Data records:
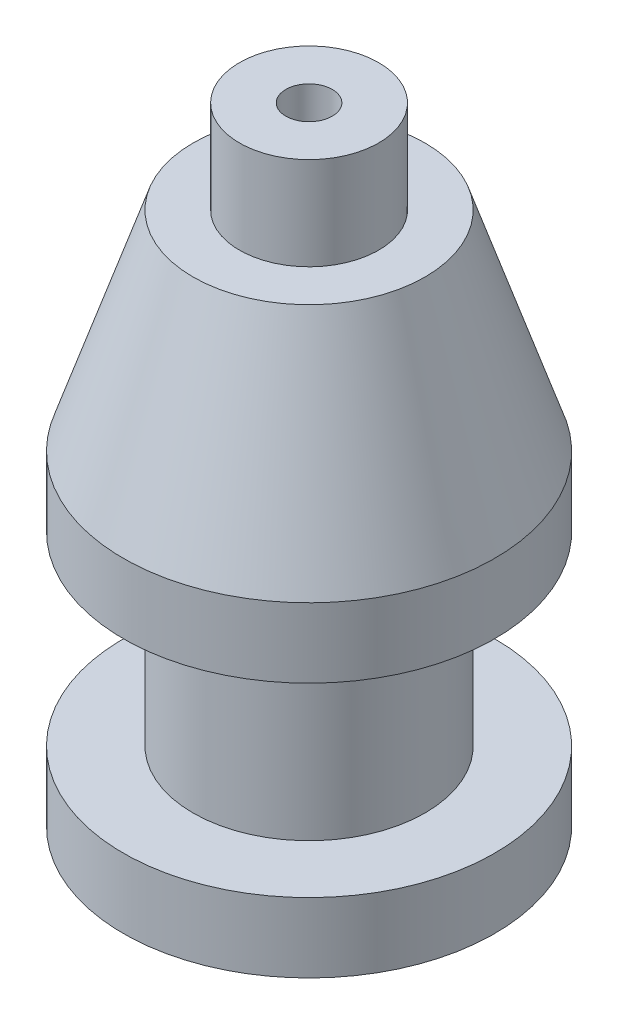
from build123d import *


with BuildPart() as part:
    # Sketch1 → Revolve1 (revolve)
    with BuildSketch(Plane.XY, mode=Mode.PRIVATE) as revolve1_sk:
        Polygon((10, 270), (10, 0), (80, 0), (80, 30), (50, 30), (50, 110), (80, 110), (80, 140), (50, 230), (30, 230), (30, 270), align=None)
    revolve(revolve1_sk.sketch.rotate(Axis((0, 0, 0), (0, 1, 0)), 90), axis=Axis((0, 0, 0), (0, 1, 0)))


solid = part.part

▶ _Task to carry out_:
Please return, exactly as written, the line containing "with BuildSketch(Plane.XY, mode=Mode.PRIVATE)" and every line after it through the end of the records above, and nothing else.

▶ _Completed exercise_:
    with BuildSketch(Plane.XY, mode=Mode.PRIVATE) as revolve1_sk:
        Polygon((10, 270), (10, 0), (80, 0), (80, 30), (50, 30), (50, 110), (80, 110), (80, 140), (50, 230), (30, 230), (30, 270), align=None)
    revolve(revolve1_sk.sketch.rotate(Axis((0, 0, 0), (0, 1, 0)), 90), axis=Axis((0, 0, 0), (0, 1, 0)))


solid = part.part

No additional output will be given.